Patterns of regulatory activity across diverse human cell types predict tissue identity, transcription factor binding, and long-range interactions

  1. Terrence S. Furey7,8
  1. 1Program in Computational Biology and Bioinformatics, Duke University, Durham, North Carolina 27710, USA;
  2. 2Institute for Genome Sciences & Policy, Duke University, Durham, North Carolina 27710, USA;
  3. 3Department of Genome Sciences, University of Washington, Seattle, Washington 98195, USA;
  4. 4Bergen Center for Computational Science and Sars Centre for Marine Molecular Biology, University of Bergen, N-5008 Bergen, Norway;
  5. 5Department of Molecular Sciences, Institute of Clinical Sciences, Faculty of Medicine, Imperial College London, London, United Kingdom; and MRC Clinical Sciences Centre, London W12 0NN, United Kingdom;
  6. 6Department of Pediatrics, Division of Medical Genetics, Duke University, Durham, North Carolina 27710, USA;
  7. 7Department of Genetics and Department of Biology, Carolina Center for Genome Sciences, Linberger Comprehensive Cancer Center, University of North Carolina, Chapel Hill, North Carolina 27599, USA

    Abstract

    Regulatory elements recruit transcription factors that modulate gene expression distinctly across cell types, but the relationships among these remains elusive.
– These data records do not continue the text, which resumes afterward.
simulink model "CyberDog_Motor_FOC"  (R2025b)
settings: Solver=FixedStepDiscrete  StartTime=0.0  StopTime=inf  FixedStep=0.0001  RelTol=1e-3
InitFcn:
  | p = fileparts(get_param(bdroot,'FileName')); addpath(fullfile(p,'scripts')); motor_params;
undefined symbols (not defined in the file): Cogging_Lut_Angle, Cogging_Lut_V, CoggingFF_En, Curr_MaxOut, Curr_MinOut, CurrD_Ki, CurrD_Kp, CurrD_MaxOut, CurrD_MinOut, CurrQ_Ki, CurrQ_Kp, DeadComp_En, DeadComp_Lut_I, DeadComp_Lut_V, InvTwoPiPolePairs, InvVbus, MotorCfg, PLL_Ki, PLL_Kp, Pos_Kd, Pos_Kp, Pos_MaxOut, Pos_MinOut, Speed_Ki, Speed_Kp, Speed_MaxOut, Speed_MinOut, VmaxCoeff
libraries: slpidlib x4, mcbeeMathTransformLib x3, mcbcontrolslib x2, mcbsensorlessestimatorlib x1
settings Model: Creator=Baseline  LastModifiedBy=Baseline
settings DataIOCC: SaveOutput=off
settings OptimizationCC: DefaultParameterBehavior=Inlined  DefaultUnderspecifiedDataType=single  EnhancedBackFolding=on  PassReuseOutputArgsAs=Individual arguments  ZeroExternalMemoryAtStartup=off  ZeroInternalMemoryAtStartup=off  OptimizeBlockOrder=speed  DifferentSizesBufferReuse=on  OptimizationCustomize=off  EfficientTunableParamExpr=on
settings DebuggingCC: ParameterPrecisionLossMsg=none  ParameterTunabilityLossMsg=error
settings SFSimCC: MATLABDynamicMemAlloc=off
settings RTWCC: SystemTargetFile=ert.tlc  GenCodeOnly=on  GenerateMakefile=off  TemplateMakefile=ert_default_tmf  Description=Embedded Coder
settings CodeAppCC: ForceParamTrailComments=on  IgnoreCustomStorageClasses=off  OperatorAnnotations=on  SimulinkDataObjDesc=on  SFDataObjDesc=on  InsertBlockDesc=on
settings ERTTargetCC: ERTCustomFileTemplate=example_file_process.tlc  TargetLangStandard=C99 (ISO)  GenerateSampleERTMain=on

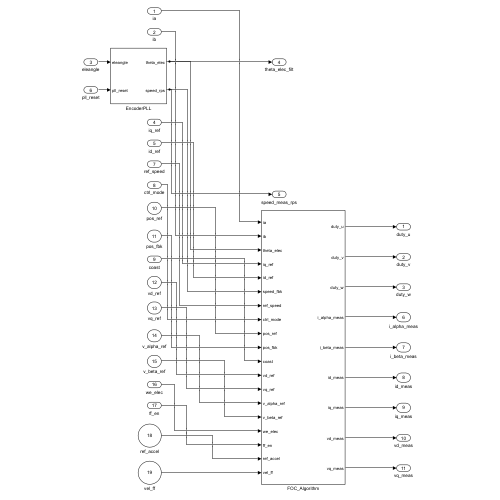
[thumbnail: Simulink's stored preview of the top-level diagram]
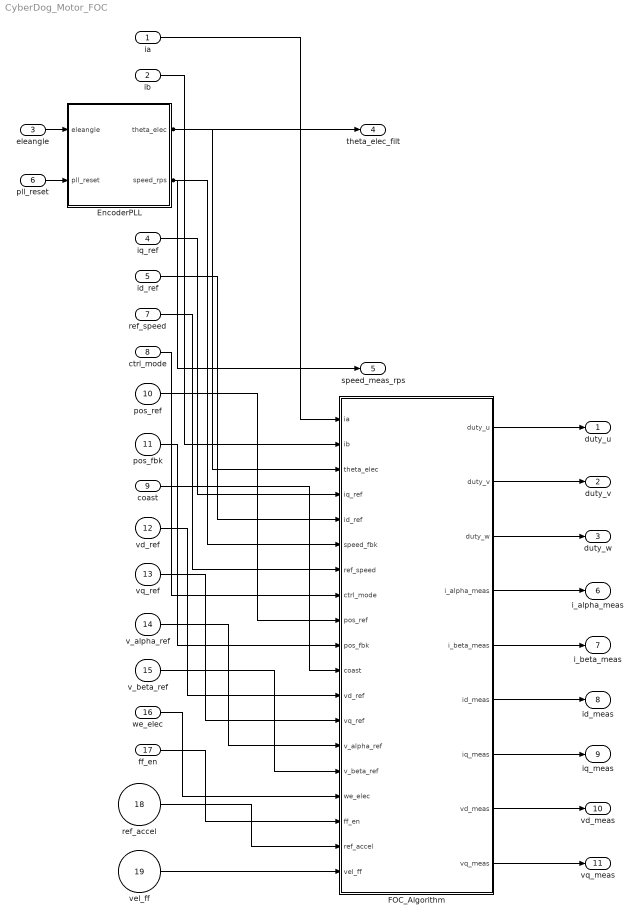
== system CyberDog_Motor_FOC ==
  ia : Inport  OutDataTypeStr=single  SampleTime=1e-4
  ib : Inport  Port=2  OutDataTypeStr=single  SampleTime=1e-4
  eleangle : Inport  Port=3  OutDataTypeStr=single  SampleTime=1e-4
  iq_ref : Inport  Port=4  OutDataTypeStr=single  SampleTime=1e-4
  id_ref : Inport  Port=5  OutDataTypeStr=single  SampleTime=1e-4
  pll_reset : Inport  Port=6  OutDataTypeStr=single  SampleTime=1e-4
  ref_speed : Inport  Port=7  OutDataTypeStr=single  SampleTime=1e-4
  ctrl_mode : Inport  Port=8  OutDataTypeStr=single  SampleTime=1e-4
  coast : Inport  Port=9  OutDataTypeStr=single
  pos_ref : Inport  Port=10  OutDataTypeStr=single
  pos_fbk : Inport  Port=11  OutDataTypeStr=single
  vd_ref : Inport  Port=12  OutDataTypeStr=single
  vq_ref : Inport  Port=13  OutDataTypeStr=single
  v_alpha_ref : Inport  Port=14  OutDataTypeStr=single
  v_beta_ref : Inport  Port=15  OutDataTypeStr=single
  we_elec : Inport  Port=16
  ff_en : Inport  Port=17
  ref_accel : Inport  Port=18
  vel_ff : Inport  Port=19
  EncoderPLL : Subsystem
  FOC_Algorithm : Subsystem
      settings: MinAlgLoopOccurrences=on
  duty_u : Outport  OutDataTypeStr=single
  duty_v : Outport  Port=2  OutDataTypeStr=single
  duty_w : Outport  Port=3  OutDataTypeStr=single
  theta_elec_filt : Outport  Port=4
  speed_meas_rps : Outport  Port=5
  i_alpha_meas : Outport  Port=6
  i_beta_meas : Outport  Port=7
  id_meas : Outport  Port=8
  iq_meas : Outport  Port=9
  vd_meas : Outport  Port=10
  vq_meas : Outport  Port=11
  wires:
  eleangle/1 -> EncoderPLL/1(eleangle)
  pll_reset/1 -> EncoderPLL/2(pll_reset)
  id_ref/1 -> FOC_Algorithm/5(id_ref)
  FOC_Algorithm/7(iq_meas) -> iq_meas/1
  EncoderPLL/1(theta_elec) -> theta_elec_filt/1, FOC_Algorithm/3(theta_elec)
  FOC_Algorithm/9(vq_meas) -> vq_meas/1
  FOC_Algorithm/5(i_beta_meas) -> i_beta_meas/1
  ia/1 -> FOC_Algorithm/1(ia)
  ib/1 -> FOC_Algorithm/2(ib)
  iq_ref/1 -> FOC_Algorithm/4(iq_ref)
  EncoderPLL/2(speed_rps) -> FOC_Algorithm/6(speed_fbk), speed_meas_rps/1
  coast/1 -> FOC_Algorithm/11(coast)
  ctrl_mode/1 -> FOC_Algorithm/8(ctrl_mode)
  ref_speed/1 -> FOC_Algorithm/7(ref_speed)
  pos_ref/1 -> FOC_Algorithm/9(pos_ref)
  FOC_Algorithm/8(vd_meas) -> vd_meas/1
  FOC_Algorithm/4(i_alpha_meas) -> i_alpha_meas/1
  pos_fbk/1 -> FOC_Algorithm/10(pos_fbk)
  vd_ref/1 -> FOC_Algorithm/12(vd_ref)
  FOC_Algorithm/1(duty_u) -> duty_u/1
  vq_ref/1 -> FOC_Algorithm/13(vq_ref)
  v_alpha_ref/1 -> FOC_Algorithm/14(v_alpha_ref)
  v_beta_ref/1 -> FOC_Algorithm/15(v_beta_ref)
  we_elec/1 -> FOC_Algorithm/16(we_elec)
  ff_en/1 -> FOC_Algorithm/17(ff_en)
  ref_accel/1 -> FOC_Algorithm/18(ref_accel)
  vel_ff/1 -> FOC_Algorithm/19(vel_ff)
  FOC_Algorithm/2(duty_v) -> duty_v/1
  FOC_Algorithm/3(duty_w) -> duty_w/1
  FOC_Algorithm/6(id_meas) -> id_meas/1

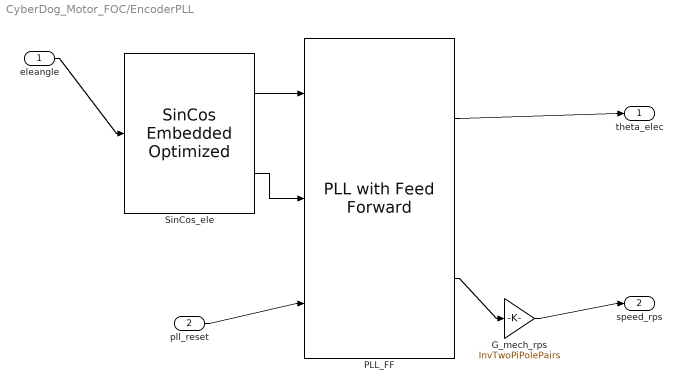
== system CyberDog_Motor_FOC/EncoderPLL ==
  eleangle : Inport
  pll_reset : Inport  Port=2
  G_mech_rps : Gain  Gain=InvTwoPiPolePairs
  PLL_FF : mcbsensorlessestimatorlib/PLL with Feed Forward  Normalization=off  ParameterBusInput=off  PosOut=Angular position  BlkSampleTime=1e-4  FreqRatio=1  MaximumApplicationFreq=7500  SpeedCutoffFreq=PLL_SpeedCutoffFreq  N_points=1024  Kp=PLL_Kp  Ki=PLL_Ki  PositionUnit=Radians  PositionDataType=single  FrequencyUnit=Radians/Sec  FrequencyDataType=single  TableDataType=single
      settings: LibrarySourceBlock=mcblib/Signal Management/PLL with Feed Forward
  SinCos_ele : mcbcontrolslib/SinCos Embedded Optimized  LabelModeActiveChoice=MCB_Sin  OptforProc=off  ApproximationMethod=None  UserApproxMethod=Lookup  ApproxStatus=None  InterpMethod=Linear point-slope  NumberOfDataPoints=16  NumberOfIterations=11  RemoveProtectionAgainstOutOfRangeInput=off  TableDataTypeStr=Inherit: Inherit via input  AngleInput=Radians  ThetaDataType=single  N_points=1024  DatatypeInput=Inherit from input  Datatype=single
  theta_elec : Outport
  speed_rps : Outport  Port=2
  wires:
  pll_reset/1 -> PLL_FF/3
  PLL_FF/1 -> theta_elec/1
  PLL_FF/2 -> G_mech_rps/1
  G_mech_rps/1 -> speed_rps/1
  eleangle/1 -> SinCos_ele/1
  SinCos_ele/1 -> PLL_FF/1
  SinCos_ele/2 -> PLL_FF/2

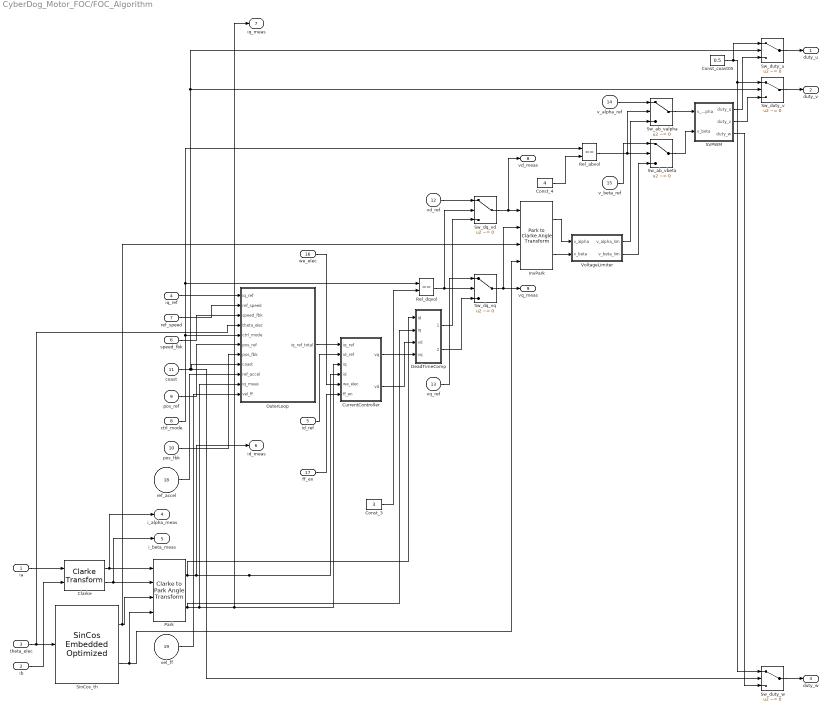
== system CyberDog_Motor_FOC/FOC_Algorithm ==
  ia : Inport
  ib : Inport  Port=2
  theta_elec : Inport  Port=3  OutDataTypeStr=single
  iq_ref : Inport  Port=4  OutDataTypeStr=single
  id_ref : Inport  Port=5  OutDataTypeStr=single
  speed_fbk : Inport  Port=6  OutDataTypeStr=single
  ref_speed : Inport  Port=7  OutDataTypeStr=single
  ctrl_mode : Inport  Port=8  OutDataTypeStr=single
  pos_ref : Inport  Port=9  OutDataTypeStr=single
  pos_fbk : Inport  Port=10  OutDataTypeStr=single
  coast : Inport  Port=11  OutDataTypeStr=single
  vd_ref : Inport  Port=12  OutDataTypeStr=single
  vq_ref : Inport  Port=13  OutDataTypeStr=single
  v_alpha_ref : Inport  Port=14  OutDataTypeStr=single
  v_beta_ref : Inport  Port=15  OutDataTypeStr=single
  we_elec : Inport  Port=16
  ff_en : Inport  Port=17
  ref_accel : Inport  Port=18
  vel_ff : Inport  Port=19
  Clarke : mcbeeMathTransformLib/Clarke Transform  VariantControl=Variant2  PowerInvariant=off  UseWithEmbedded=on  PhaseInput=Two inputs
      settings: LibrarySourceBlock=mcbfoclib/Field-Oriented Current Controller/Clarke Transform
  Const_3 : Constant  Value=3  OutDataTypeStr=single
  Const_4 : Constant  Value=4  OutDataTypeStr=single
  Const_coast05 : Constant  Value=0.5  OutDataTypeStr=single
  CurrentController : Subsystem
  DeadTimeComp : Subsystem
  InvPark : mcbeeMathTransformLib/Park to Clarke Angle Transform  AxisAlignment=D-axis  UseWithEmbedded=on  PhaseInput=Two inputs  ThetaInput=Sine and Cosine electrical position  AngleInput=Per-unit  N_points=1024
      settings: LibrarySourceBlock=mcbfoclib/Field-Oriented Current Controller/Inverse Park Transform
  OuterLoop : Subsystem
  Park : mcbeeMathTransformLib/Clarke to Park Angle Transform  AxisAlignment=D-axis  UseWithEmbedded=on  PhaseInput=Two inputs  ThetaInput=Sine and Cosine electrical position  AngleInput=Radians  N_points=1024
      settings: LibrarySourceBlock=mcbfoclib/Field-Oriented Current Controller/Park Transform
  Rel_abvol : RelationalOperator  Operator===  OutDataTypeStr=boolean  RndMeth=Simplest  InputSameDT=off
  Rel_dqvol : RelationalOperator  Operator===  OutDataTypeStr=boolean  RndMeth=Simplest  InputSameDT=off
  SVPWM : Subsystem
  SinCos_th : mcbcontrolslib/SinCos Embedded Optimized  LabelModeActiveChoice=MCB_Sin  OptforProc=off  ApproximationMethod=None  UserApproxMethod=Lookup  ApproxStatus=None  InterpMethod=Linear point-slope  NumberOfDataPoints=16  NumberOfIterations=11  RemoveProtectionAgainstOutOfRangeInput=off  TableDataTypeStr=Inherit: Inherit via input  AngleInput=Radians  ThetaDataType=single  N_points=1024  DatatypeInput=Inherit from input  Datatype=single
  Sw_ab_valpha : Switch  Criteria=u2 ~= 0  SaturateOnIntegerOverflow=off  InputSameDT=off
  Sw_ab_vbeta : Switch  Criteria=u2 ~= 0  SaturateOnIntegerOverflow=off  InputSameDT=off
  Sw_dq_vd : Switch  Criteria=u2 ~= 0  SaturateOnIntegerOverflow=off  InputSameDT=off
  Sw_dq_vq : Switch  Criteria=u2 ~= 0  SaturateOnIntegerOverflow=off  InputSameDT=off
  Sw_duty_u : Switch  Criteria=u2 ~= 0  SaturateOnIntegerOverflow=off  InputSameDT=off
  Sw_duty_v : Switch  Criteria=u2 ~= 0  SaturateOnIntegerOverflow=off  InputSameDT=off
  Sw_duty_w : Switch  Criteria=u2 ~= 0  SaturateOnIntegerOverflow=off  InputSameDT=off
  VoltageLimiter : Subsystem
  duty_u : Outport
  duty_v : Outport  Port=2
  duty_w : Outport  Port=3
  i_alpha_meas : Outport  Port=4
  i_beta_meas : Outport  Port=5
  id_meas : Outport  Port=6
  iq_meas : Outport  Port=7
  vd_meas : Outport  Port=8
  vq_meas : Outport  Port=9
  wires:
  ib/1 -> Clarke/2
  VoltageLimiter/2(v_beta_lim) -> Sw_ab_vbeta/3
  ctrl_mode/1 -> Rel_dqvol/1, Rel_abvol/1, OuterLoop/5(ctrl_mode)
  ia/1 -> Clarke/1
  Clarke/1 -> Park/1, i_alpha_meas/1
  vq_ref/1 -> Sw_dq_vq/1
  theta_elec/1 -> OuterLoop/4(theta_elec), SinCos_th/1
  iq_ref/1 -> OuterLoop/1(iq_ref)
  id_ref/1 -> CurrentController/2(id_ref)
  SinCos_th/1 -> InvPark/3, Park/3
  InvPark/1 -> VoltageLimiter/1(v_alpha)
  Clarke/2 -> Park/2, i_beta_meas/1
  Sw_dq_vq/1 -> vq_meas/1, InvPark/2
  SinCos_th/2 -> InvPark/4, Park/4
  ref_speed/1 -> OuterLoop/2(ref_speed)
  DeadTimeComp/1(vd_out) -> Sw_dq_vd/3
  speed_fbk/1 -> OuterLoop/3(speed_fbk)
  coast/1 -> Sw_duty_w/2, OuterLoop/8(coast), Sw_duty_u/2, Sw_duty_v/2
  pos_ref/1 -> OuterLoop/6(pos_ref)
  pos_fbk/1 -> OuterLoop/7(pos_fbk)
  ref_accel/1 -> OuterLoop/9(ref_accel)
  Park/1 -> CurrentController/4(id), id_meas/1, DeadTimeComp/1(id)
  Park/2 -> iq_meas/1, CurrentController/3(iq), OuterLoop/10(iq_meas), DeadTimeComp/2(iq)
  vel_ff/1 -> OuterLoop/11(vel_ff)
  SVPWM/1(duty_u) -> Sw_duty_u/3
  we_elec/1 -> CurrentController/5(we_elec)
  Sw_duty_u/1 -> duty_u/1
  Const_coast05/1 -> Sw_duty_v/1, Sw_duty_w/1, Sw_duty_u/1
  Const_3/1 -> Rel_dqvol/2
  OuterLoop/1(iq_ref_total) -> CurrentController/1(iq_ref)
  ff_en/1 -> CurrentController/6(ff_en)
  CurrentController/1(vq) -> DeadTimeComp/4(vq)
  v_beta_ref/1 -> Sw_ab_vbeta/1
  DeadTimeComp/2(vq_out) -> Sw_dq_vq/3
  CurrentController/2(vd) -> DeadTimeComp/3(vd)
  vd_ref/1 -> Sw_dq_vd/1
  Rel_dqvol/1 -> Sw_dq_vd/2, Sw_dq_vq/2
  Sw_dq_vd/1 -> vd_meas/1, InvPark/1
  Const_4/1 -> Rel_abvol/2
  InvPark/2 -> VoltageLimiter/2(v_beta)
  v_alpha_ref/1 -> Sw_ab_valpha/1
  Sw_duty_v/1 -> duty_v/1
  Rel_abvol/1 -> Sw_ab_vbeta/2, Sw_ab_valpha/2
  VoltageLimiter/1(v_alpha_lim) -> Sw_ab_valpha/3
  Sw_ab_valpha/1 -> SVPWM/1(v_alpha)
  Sw_ab_vbeta/1 -> SVPWM/2(v_beta)
  SVPWM/2(duty_v) -> Sw_duty_v/3
  SVPWM/3(duty_w) -> Sw_duty_w/3
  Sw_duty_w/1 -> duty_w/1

To address this, we analyzed matched DNase-seq and gene expression data for 112 human samples representing 72 cell types. We first defined more than 1800 clusters of DNase I hypersensitive sites (DHSs) with similar tissue specificity of DNase-seq signal patterns. We then used these to uncover distinct associations between DHSs and promoters, CpG islands, conserved elements, and transcription factor motif enrichment. Motif analysis within clusters identified known and novel motifs in cell-type-specific and ubiquitous regulatory elements and supports a role for AP-1 regulating open chromatin. We developed a classifier that accurately predicts cell-type lineage based on only 43 DHSs and evaluated the tissue of origin for cancer cell types. A similar classifier identified three sex-specific loci on the X chromosome, including the XIST lincRNA locus. By correlating DNase I signal and gene expression, we predicted regulated genes for more than 500K DHSs. Finally, we introduce a web resource to enable researchers to use these results to explore these regulatory patterns and better understand how expression is modulated within and across human cell types.

    Footnotes

    • 8 Corresponding authors

      E-mail b.lenhard{at}csc.mrc.ac.uk

      E-mail greg.crawford{at}duke.edu

      E-mail tsfurey{at}email.unc.edu

    • [Supplemental material is available for this article.]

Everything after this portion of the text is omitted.